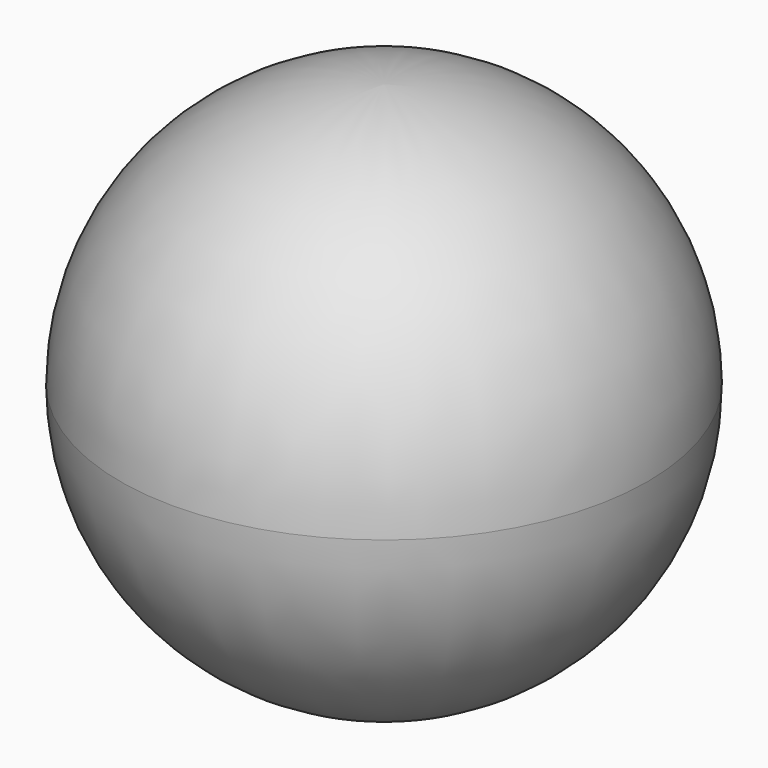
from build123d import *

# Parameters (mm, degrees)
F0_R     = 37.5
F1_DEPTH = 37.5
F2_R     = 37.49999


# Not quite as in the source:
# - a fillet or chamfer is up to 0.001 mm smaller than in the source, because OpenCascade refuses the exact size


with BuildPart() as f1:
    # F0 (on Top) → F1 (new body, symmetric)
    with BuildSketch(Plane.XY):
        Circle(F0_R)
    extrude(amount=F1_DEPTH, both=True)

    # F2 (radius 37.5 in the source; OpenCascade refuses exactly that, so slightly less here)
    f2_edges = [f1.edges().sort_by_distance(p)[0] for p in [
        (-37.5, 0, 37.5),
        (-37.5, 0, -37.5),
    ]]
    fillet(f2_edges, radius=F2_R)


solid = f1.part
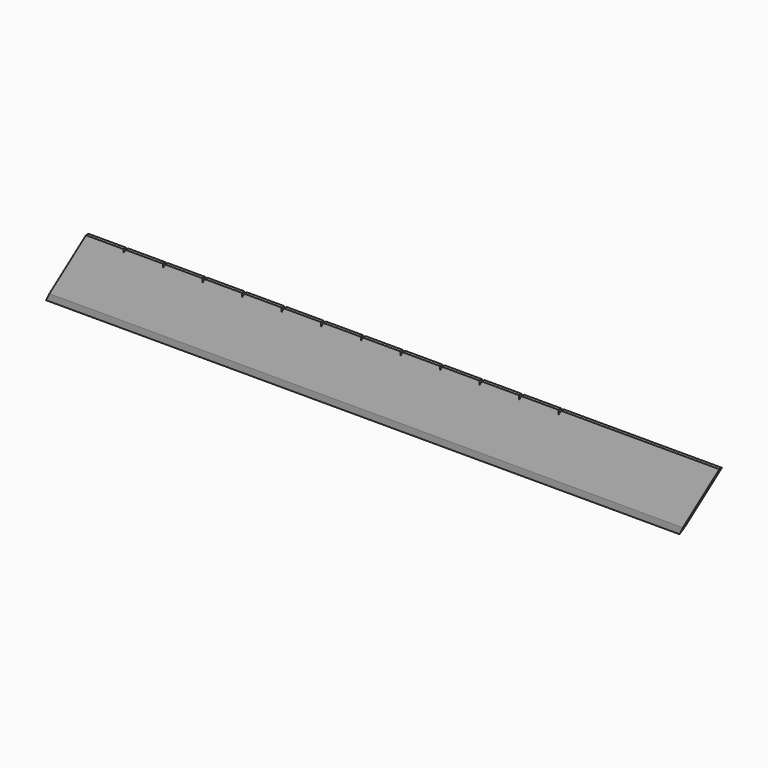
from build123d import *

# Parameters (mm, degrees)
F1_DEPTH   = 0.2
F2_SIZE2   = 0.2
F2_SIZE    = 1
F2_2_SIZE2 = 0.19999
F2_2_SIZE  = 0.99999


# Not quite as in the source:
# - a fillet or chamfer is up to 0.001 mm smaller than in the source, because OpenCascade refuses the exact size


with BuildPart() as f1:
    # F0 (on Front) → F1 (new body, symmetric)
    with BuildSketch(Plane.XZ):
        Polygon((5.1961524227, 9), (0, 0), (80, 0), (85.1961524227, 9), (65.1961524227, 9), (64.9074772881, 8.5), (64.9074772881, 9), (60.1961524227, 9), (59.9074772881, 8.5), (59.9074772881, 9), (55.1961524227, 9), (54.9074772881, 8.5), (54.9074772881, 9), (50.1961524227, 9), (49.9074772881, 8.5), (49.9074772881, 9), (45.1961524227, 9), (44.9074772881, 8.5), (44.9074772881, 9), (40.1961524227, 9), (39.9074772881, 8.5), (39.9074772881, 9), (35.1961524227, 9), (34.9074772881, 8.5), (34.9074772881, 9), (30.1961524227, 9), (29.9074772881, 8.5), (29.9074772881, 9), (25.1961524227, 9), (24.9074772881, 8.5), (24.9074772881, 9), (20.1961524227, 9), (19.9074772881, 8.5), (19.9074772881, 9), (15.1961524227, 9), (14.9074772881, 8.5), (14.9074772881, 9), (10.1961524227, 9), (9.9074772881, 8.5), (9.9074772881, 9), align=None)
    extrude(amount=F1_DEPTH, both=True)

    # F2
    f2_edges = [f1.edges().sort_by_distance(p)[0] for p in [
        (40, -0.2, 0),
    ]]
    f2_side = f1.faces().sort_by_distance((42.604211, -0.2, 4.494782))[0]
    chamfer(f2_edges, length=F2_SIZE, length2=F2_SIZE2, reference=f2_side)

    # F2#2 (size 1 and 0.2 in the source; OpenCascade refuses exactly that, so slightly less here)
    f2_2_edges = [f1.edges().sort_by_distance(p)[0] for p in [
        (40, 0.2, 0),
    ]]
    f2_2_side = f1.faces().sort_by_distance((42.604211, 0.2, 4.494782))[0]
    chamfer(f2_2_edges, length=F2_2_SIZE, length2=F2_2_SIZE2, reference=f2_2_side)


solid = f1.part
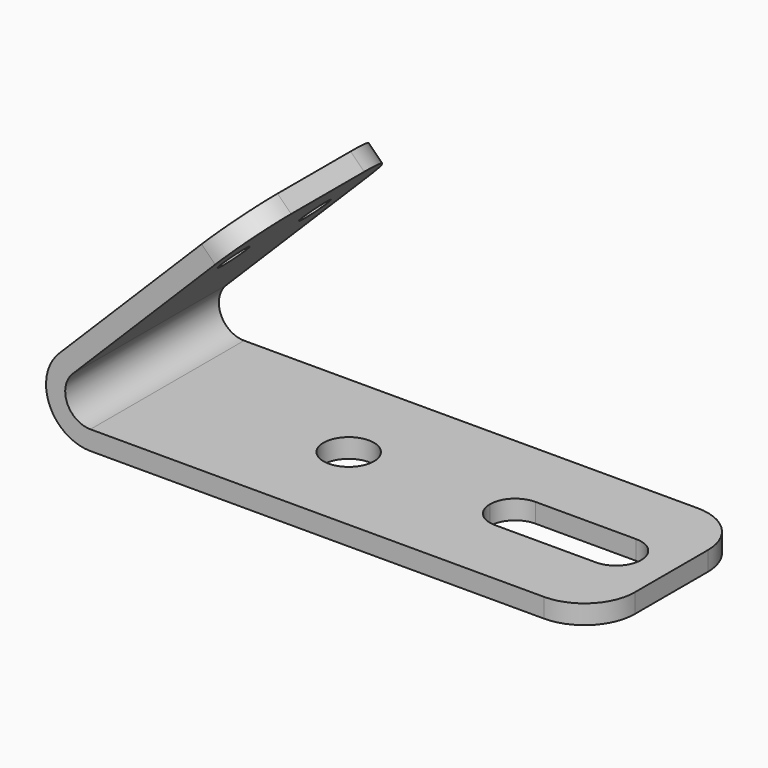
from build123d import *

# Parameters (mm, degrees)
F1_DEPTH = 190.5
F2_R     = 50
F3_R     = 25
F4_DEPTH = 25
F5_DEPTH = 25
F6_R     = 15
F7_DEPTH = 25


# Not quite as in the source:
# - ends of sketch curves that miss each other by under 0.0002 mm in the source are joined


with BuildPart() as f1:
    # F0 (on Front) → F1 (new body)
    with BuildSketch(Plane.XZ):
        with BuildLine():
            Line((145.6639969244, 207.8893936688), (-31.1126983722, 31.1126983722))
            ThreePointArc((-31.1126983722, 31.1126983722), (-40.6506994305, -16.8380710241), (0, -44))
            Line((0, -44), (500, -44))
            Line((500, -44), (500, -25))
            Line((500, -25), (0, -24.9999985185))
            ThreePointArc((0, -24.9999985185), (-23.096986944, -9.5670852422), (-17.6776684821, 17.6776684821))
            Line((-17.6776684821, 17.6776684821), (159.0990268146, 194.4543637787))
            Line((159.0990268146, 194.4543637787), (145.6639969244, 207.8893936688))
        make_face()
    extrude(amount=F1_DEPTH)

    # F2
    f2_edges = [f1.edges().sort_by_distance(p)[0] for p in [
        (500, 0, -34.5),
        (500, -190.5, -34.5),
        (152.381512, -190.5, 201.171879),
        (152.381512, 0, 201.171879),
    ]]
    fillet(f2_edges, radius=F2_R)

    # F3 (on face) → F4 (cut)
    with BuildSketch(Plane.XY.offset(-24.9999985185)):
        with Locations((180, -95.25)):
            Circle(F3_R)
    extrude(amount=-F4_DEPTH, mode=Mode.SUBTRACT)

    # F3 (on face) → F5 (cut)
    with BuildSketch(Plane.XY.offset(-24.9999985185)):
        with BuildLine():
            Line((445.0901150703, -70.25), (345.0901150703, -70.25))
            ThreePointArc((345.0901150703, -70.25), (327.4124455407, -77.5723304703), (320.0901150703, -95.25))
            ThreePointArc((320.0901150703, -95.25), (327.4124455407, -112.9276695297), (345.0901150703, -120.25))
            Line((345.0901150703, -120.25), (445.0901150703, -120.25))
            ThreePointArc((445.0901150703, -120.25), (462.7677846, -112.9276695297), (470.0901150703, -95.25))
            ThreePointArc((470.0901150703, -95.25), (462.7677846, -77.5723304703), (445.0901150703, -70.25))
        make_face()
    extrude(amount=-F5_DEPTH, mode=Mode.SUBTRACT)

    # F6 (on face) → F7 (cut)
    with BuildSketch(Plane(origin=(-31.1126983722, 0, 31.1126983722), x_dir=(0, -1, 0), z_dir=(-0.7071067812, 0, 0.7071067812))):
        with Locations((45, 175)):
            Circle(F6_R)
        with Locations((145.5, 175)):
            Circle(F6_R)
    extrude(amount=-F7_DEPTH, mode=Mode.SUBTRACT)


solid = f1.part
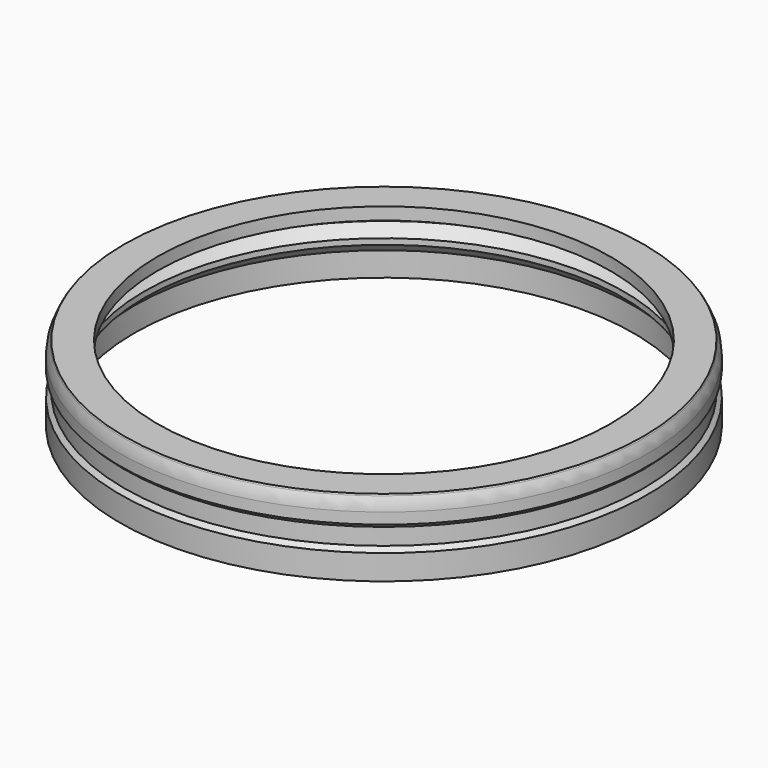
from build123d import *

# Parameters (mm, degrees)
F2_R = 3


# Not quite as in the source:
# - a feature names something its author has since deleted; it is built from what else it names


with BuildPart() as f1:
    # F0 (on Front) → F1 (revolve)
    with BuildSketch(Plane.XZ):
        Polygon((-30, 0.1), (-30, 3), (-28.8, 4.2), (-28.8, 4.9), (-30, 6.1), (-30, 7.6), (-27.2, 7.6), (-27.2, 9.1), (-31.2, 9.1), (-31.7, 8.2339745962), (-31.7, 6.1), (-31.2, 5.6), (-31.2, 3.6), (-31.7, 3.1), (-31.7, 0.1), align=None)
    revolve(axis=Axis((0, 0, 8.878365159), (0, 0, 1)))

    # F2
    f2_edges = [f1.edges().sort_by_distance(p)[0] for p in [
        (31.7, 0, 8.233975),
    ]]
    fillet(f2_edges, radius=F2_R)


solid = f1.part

※

_TASK DIRECTIONS_. Look through the entries above and report each line where the string "SUBTRACT" occurs.

_EXERCISE OUTPUT_.
    extrude(amount=-F4_DEPTH, mode=Mode.SUBTRACT)
    extrude(amount=-F5_DEPTH, mode=Mode.SUBTRACT)
    extrude(amount=-F7_DEPTH, mode=Mode.SUBTRACT)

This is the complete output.